The production of PGA has been extensively characterized in E. coli, where the pgaABCD operon encodes the proteins necessary for its biosynthesis (Wang et al., 2004). In E. coli, approximately 3–5% of N-acetyls are removed by the lipoprotein PgaB (Wang et al., 2004; Itoh et al., 2008; Little et al., 2012). The N-terminal domain of PgaB is homologous to IcaB in Gram-positive bacteria but the protein is located on the inner leaflet of the outer membrane. There is no IcaC ortholog in the pgaABCD operon, which is consistent with an observed lack of O-succinyl groups in PGA.

Partial deacetylation of PNAG by both IcaB and PgaB is important for a variety of biofilm-associated phenotypes in S. epidermidis, S. aureus, and E. coli. Deletion of icaB in S. epidermidis led to the production of fully acetylated PIA, suggesting that IcaB is not necessary for polymer production (Vuong et al., 2004a). However, the fully acetylated polymer was not retained at the cellular surface and was shed into the culture media, which led to deficiencies in biofilm formation and surface attachment (Table 2). The lack of deacetylation led to a loss of cationic charge in the polymer, which may be essential for interactions with the anionic cell surface of S. epidermidis (Vuong et al., 2004a). Furthermore, icaB-deficient mutants of S. epidermidis were more susceptible to human cationic antimicrobial peptides and phagocytosis by neutrophils, and were unable to persist in a mouse model of device-related infections (Vuong et al., 2004a). Deletion of icaB in S. aureus produced similar phenotypes (Cerca et al., 2007). Intriguingly, the production of wall teichoic acids, the predominant anionic component of the Gram-positive bacterial envelope, was dispensable for adherence of PIA to the cell surface of S. aureus (Vergara-Irigaray et al., 2008), suggesting that other less prevalent anionic species mediate this interaction.

In contrast to IcaB, inactivation of PgaB in E. coli prevented polymer export, suggesting that partial deacetylation is necessary for export through the predicted outer membrane porin PgaA (Itoh et al., 2008). This is in line with findings that suggest conformational changes in the C-terminal domain of PgaB, upon binding of deacetylated PNAG, assist in targeting PNAG for export (Little et al., 2014b). Deacetylation has also been studied in Y. pestis, where a PNAG-like polymer is thought to mediate biofilm formation. Biofilm formation in Y. pestis is crucial for its zoonotic transmission (Jarrett et al., 2004). In the flea, the proventriculus, a feeding tube covered in spines that connects the midgut to the esophagus, provides a platform for the adhesion of Y. pestis aggregates.

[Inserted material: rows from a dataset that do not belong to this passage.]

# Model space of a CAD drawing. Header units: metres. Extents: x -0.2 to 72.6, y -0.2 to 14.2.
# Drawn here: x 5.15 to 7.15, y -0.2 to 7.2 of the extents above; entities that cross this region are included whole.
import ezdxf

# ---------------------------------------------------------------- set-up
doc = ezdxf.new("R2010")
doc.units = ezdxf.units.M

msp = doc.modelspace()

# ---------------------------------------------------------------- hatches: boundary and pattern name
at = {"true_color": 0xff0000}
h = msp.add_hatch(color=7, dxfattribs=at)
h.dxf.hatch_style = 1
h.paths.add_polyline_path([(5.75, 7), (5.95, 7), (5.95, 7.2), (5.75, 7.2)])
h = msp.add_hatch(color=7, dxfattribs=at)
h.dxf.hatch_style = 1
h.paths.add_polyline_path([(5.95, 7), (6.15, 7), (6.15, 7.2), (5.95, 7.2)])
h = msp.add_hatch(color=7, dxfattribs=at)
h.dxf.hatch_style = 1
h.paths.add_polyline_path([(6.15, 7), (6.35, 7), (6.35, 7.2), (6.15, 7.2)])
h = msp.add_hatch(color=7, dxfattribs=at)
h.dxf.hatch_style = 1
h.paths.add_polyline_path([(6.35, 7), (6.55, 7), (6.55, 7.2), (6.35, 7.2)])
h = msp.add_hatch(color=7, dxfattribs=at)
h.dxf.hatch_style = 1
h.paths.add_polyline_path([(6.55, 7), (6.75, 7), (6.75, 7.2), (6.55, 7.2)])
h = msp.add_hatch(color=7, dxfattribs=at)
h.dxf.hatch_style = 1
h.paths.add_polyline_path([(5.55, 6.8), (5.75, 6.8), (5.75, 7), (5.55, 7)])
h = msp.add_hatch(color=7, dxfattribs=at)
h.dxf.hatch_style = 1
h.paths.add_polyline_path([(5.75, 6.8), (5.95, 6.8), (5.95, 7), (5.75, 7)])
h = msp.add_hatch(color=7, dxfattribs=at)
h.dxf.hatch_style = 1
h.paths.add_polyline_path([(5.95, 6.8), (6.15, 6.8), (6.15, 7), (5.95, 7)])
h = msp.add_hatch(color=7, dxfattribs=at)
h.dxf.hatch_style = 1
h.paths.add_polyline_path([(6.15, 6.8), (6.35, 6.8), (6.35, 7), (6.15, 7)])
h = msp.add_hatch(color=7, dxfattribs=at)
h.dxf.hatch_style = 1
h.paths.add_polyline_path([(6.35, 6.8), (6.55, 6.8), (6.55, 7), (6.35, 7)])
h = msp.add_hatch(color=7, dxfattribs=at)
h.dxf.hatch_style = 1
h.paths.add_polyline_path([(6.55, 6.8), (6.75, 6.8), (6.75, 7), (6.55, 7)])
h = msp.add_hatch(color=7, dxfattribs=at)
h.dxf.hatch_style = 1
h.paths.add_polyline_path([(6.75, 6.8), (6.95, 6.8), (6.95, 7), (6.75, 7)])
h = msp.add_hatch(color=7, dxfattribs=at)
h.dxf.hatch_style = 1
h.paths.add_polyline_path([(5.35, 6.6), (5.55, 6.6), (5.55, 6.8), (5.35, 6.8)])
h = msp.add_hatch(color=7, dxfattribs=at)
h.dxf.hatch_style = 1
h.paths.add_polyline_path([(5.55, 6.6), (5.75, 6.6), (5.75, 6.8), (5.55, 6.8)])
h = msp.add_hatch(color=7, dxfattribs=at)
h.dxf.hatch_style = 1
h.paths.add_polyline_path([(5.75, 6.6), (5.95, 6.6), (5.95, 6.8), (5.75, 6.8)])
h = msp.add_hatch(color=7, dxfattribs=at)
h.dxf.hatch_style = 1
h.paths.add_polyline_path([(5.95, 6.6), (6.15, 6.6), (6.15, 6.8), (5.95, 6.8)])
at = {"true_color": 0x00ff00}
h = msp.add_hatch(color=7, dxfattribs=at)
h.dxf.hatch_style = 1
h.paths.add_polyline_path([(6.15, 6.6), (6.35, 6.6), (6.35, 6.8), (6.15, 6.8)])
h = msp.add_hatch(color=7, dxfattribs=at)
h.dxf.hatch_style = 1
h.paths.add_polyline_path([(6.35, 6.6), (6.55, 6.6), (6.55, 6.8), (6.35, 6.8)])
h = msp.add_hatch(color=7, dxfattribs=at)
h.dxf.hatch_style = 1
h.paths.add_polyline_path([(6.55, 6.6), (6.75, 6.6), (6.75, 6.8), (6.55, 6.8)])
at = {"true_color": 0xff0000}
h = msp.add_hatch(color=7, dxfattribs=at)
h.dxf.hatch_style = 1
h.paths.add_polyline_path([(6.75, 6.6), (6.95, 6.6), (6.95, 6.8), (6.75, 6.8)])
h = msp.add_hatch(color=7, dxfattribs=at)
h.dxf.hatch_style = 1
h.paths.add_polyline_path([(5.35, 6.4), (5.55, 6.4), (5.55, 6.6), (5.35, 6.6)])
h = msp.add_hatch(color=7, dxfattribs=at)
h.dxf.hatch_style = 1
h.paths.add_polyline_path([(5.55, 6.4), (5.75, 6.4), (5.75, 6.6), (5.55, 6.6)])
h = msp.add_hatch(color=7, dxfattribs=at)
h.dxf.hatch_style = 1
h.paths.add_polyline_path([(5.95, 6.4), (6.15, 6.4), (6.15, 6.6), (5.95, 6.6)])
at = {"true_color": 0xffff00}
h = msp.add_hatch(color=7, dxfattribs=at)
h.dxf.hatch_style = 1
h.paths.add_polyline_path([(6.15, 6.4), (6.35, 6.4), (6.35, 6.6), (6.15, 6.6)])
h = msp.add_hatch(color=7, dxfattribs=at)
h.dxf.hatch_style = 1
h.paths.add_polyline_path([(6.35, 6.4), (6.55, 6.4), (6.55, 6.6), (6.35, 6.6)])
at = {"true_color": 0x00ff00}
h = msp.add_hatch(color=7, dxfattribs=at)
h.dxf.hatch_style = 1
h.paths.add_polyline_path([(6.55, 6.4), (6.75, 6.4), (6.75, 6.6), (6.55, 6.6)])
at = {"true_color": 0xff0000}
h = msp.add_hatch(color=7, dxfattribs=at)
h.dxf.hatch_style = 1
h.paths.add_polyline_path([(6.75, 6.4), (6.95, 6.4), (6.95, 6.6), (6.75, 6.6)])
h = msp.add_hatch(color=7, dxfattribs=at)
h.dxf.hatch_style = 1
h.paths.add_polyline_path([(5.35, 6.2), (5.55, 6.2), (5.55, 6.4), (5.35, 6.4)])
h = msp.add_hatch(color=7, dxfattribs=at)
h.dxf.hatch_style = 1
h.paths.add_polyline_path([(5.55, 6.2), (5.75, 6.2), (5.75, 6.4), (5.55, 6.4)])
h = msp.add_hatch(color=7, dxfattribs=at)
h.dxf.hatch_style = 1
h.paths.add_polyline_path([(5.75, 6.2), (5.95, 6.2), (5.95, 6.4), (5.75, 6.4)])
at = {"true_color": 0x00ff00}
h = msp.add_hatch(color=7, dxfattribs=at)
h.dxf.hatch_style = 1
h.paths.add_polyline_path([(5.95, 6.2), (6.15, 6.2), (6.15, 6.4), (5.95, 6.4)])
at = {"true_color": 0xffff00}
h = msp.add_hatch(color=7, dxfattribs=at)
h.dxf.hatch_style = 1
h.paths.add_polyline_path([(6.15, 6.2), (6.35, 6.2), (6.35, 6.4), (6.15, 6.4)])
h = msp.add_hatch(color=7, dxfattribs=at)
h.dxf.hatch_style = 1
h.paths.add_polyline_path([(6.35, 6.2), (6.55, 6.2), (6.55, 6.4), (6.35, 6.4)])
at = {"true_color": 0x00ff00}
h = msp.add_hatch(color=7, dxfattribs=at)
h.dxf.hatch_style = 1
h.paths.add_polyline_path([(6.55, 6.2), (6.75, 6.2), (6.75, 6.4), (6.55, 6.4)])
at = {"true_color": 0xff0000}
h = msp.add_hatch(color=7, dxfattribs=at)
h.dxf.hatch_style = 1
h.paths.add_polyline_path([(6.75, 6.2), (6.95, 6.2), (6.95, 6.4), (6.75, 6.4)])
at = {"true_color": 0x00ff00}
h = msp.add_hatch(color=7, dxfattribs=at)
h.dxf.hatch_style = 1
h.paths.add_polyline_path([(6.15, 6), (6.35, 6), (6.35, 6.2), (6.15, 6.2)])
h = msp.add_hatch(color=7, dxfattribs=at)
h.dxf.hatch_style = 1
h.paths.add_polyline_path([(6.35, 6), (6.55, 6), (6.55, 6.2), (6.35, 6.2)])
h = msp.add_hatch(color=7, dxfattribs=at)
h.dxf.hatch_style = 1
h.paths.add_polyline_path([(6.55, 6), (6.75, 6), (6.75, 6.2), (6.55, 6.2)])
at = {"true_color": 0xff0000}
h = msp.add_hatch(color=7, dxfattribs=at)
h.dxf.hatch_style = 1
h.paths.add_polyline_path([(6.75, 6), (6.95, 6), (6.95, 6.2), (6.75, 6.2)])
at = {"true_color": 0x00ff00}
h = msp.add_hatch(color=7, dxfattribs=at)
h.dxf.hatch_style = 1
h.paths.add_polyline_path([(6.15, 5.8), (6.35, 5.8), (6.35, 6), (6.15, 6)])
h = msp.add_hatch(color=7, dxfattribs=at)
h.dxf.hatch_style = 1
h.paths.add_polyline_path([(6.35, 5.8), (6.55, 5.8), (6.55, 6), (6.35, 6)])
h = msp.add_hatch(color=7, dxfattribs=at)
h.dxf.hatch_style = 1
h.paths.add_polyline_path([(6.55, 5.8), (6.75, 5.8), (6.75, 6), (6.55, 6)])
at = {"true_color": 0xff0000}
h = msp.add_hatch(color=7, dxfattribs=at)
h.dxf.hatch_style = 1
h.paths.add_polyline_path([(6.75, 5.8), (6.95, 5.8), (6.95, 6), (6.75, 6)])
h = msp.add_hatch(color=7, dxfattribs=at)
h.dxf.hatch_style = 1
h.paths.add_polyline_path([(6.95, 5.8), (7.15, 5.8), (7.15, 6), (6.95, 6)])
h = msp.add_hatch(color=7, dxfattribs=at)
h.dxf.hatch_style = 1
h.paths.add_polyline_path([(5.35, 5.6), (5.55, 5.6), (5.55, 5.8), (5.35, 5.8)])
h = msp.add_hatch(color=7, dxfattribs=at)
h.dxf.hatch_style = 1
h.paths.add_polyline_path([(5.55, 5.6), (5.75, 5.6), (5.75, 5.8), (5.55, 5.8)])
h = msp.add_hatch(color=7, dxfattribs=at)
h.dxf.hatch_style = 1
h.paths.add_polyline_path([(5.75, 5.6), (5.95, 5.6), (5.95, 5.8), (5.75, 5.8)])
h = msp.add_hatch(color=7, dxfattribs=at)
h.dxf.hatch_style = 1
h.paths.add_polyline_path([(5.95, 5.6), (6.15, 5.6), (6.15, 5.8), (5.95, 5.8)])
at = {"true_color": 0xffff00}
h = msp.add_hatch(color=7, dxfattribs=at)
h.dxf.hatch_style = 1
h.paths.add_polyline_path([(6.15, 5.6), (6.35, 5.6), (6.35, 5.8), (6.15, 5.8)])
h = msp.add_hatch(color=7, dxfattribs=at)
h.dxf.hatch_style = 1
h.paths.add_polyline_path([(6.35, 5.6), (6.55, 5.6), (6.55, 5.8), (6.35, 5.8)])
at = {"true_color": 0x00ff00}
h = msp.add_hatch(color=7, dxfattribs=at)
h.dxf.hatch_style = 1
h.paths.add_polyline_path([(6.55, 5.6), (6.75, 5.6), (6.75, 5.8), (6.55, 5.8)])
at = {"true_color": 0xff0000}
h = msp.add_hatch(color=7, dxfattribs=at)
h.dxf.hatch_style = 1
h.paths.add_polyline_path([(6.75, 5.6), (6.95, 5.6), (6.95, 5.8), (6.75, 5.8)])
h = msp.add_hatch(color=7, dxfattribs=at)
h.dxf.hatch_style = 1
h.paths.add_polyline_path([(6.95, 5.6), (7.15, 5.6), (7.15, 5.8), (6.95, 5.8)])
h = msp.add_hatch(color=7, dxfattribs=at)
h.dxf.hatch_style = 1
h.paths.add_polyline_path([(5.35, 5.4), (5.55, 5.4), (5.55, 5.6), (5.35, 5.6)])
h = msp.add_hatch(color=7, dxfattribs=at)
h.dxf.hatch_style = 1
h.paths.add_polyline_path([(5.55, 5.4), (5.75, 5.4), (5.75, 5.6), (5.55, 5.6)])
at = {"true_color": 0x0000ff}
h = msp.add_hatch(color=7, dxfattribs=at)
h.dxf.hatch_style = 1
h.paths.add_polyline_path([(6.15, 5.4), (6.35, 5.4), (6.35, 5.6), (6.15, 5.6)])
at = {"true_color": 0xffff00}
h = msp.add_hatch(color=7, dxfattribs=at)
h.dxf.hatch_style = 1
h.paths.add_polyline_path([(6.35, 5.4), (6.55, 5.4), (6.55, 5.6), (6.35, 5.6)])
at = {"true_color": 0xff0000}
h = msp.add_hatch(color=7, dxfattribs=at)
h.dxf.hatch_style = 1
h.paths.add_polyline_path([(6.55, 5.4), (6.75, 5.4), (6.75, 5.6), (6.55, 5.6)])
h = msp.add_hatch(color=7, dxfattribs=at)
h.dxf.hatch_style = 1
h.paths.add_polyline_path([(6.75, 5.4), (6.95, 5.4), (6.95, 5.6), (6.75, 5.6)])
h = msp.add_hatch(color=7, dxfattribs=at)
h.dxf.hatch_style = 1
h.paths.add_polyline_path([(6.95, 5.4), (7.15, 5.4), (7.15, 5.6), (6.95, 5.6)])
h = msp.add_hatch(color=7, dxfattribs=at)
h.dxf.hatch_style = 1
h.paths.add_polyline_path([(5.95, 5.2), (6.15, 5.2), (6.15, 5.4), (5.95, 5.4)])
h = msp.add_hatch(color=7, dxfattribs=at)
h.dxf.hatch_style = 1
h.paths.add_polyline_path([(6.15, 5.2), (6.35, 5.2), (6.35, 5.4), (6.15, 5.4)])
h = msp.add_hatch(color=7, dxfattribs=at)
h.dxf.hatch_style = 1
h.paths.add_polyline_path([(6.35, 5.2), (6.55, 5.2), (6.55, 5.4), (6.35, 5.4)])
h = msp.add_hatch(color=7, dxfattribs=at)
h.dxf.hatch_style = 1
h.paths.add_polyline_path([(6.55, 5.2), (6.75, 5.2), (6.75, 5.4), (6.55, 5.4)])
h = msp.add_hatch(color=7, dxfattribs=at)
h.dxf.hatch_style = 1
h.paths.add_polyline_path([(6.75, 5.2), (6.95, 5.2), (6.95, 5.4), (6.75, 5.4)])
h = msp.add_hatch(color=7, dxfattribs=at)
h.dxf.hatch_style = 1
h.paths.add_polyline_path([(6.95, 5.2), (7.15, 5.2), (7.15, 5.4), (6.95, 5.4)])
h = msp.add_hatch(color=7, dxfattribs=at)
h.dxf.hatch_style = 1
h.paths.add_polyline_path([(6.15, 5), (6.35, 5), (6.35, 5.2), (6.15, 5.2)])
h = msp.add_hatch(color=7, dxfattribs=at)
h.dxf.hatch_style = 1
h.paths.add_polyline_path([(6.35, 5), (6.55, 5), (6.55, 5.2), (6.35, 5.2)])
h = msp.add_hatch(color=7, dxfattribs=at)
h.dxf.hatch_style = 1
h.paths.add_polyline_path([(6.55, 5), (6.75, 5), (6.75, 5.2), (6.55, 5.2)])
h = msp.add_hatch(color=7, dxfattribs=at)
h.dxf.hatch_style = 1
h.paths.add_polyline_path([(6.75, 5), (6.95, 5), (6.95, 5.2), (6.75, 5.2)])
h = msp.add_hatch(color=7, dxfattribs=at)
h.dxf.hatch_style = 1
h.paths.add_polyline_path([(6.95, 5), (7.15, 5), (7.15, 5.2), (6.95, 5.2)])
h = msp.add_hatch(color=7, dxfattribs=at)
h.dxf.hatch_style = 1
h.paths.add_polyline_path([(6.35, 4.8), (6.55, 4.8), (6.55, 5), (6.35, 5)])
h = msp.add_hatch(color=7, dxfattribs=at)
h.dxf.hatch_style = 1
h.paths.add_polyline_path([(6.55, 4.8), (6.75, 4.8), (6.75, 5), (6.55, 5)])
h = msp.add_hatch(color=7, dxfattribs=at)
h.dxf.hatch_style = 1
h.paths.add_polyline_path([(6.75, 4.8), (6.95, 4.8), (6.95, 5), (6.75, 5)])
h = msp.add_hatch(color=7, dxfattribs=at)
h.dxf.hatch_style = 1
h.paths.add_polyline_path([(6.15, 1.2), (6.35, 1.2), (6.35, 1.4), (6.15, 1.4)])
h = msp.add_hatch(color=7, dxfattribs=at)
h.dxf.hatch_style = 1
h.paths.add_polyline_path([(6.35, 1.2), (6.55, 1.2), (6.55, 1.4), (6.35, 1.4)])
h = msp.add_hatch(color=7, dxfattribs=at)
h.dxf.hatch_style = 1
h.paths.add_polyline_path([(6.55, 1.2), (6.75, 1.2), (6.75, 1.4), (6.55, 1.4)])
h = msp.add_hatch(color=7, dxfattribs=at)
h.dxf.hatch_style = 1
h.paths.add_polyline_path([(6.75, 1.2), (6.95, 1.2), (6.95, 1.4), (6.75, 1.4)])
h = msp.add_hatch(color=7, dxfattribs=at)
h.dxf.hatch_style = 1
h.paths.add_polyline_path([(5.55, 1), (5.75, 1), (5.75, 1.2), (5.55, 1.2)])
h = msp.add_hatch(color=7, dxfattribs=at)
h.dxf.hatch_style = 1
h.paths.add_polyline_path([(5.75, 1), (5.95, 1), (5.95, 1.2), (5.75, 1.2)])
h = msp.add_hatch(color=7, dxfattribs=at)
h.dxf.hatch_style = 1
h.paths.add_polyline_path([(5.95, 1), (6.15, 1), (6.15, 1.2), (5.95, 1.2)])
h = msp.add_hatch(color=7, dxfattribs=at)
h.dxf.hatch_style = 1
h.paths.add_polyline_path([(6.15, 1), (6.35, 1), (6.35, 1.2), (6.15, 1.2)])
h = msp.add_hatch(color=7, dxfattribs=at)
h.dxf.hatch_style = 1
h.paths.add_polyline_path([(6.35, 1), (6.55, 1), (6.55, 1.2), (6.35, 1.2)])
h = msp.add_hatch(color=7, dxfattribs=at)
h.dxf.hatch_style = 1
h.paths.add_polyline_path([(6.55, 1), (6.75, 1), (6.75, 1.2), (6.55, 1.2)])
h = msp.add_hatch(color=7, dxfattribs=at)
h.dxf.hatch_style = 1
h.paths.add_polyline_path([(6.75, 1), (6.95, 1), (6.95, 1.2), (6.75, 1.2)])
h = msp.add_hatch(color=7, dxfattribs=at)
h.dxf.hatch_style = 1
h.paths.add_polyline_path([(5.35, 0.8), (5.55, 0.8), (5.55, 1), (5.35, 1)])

Subsequent colonization impedes blood passage and leads to transposition of Y. pestis from flea to mammal when a flea attempts excessive feeding due to a partial or completely blocked proventriculus (Jarrett et al., 2004). The hmsHFRS operon in Y. pestis is orthologous to the pgaABCD operon, where HmsF is the outer membrane localized deacetylase with structural similarity to PgaB (Forman et al., 2006). Mutation or deletion of hmsF led to a deficiency in biofilm formation. This suggests HmsF in Y. pestis may be analogous to PgaB in E. coli in terms of de-N-acetylation activity and importance for polysaccharide export and biofilm formation.

While PNAG production has been studied primarily in S. aureus, S. epidermidis, and E. coli, there are a multitude of additional pathogenic bacteria, fungi, and protozoans that may produce this polymer (Cywes-Bentley et al., 2013). PNAG could represent the first example of an EPS that is broadly utilized by pathogenic organisms as a mechanism to improve fitness in the environment or during infection.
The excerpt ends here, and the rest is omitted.